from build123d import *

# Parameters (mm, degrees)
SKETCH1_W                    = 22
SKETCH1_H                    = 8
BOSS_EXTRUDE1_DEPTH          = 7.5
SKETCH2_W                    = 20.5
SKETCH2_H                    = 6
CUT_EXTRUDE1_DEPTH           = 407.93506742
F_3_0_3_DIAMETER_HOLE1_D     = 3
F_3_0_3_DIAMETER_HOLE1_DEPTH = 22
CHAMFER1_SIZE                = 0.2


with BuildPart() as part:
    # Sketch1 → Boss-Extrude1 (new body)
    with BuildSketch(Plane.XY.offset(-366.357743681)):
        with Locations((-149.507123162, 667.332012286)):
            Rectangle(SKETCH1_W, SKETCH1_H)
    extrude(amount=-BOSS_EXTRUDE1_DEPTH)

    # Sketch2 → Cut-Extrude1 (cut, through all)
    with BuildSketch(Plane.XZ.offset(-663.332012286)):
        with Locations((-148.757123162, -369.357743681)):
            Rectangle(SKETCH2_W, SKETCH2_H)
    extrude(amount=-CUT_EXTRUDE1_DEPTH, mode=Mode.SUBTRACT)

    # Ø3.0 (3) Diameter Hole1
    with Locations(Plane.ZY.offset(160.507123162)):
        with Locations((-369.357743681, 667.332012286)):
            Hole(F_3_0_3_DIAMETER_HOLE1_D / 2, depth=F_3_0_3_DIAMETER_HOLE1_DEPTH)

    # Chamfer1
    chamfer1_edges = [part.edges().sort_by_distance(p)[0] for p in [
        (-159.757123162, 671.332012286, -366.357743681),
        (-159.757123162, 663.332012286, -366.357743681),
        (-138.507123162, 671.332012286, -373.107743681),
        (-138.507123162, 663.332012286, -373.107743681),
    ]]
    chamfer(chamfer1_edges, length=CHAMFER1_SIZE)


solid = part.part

What you will do: Copy out each line of the listing that holds the word "amount".

Exercise solution:
    extrude(amount=-BOSS_EXTRUDE1_DEPTH)
    extrude(amount=-CUT_EXTRUDE1_DEPTH, mode=Mode.SUBTRACT)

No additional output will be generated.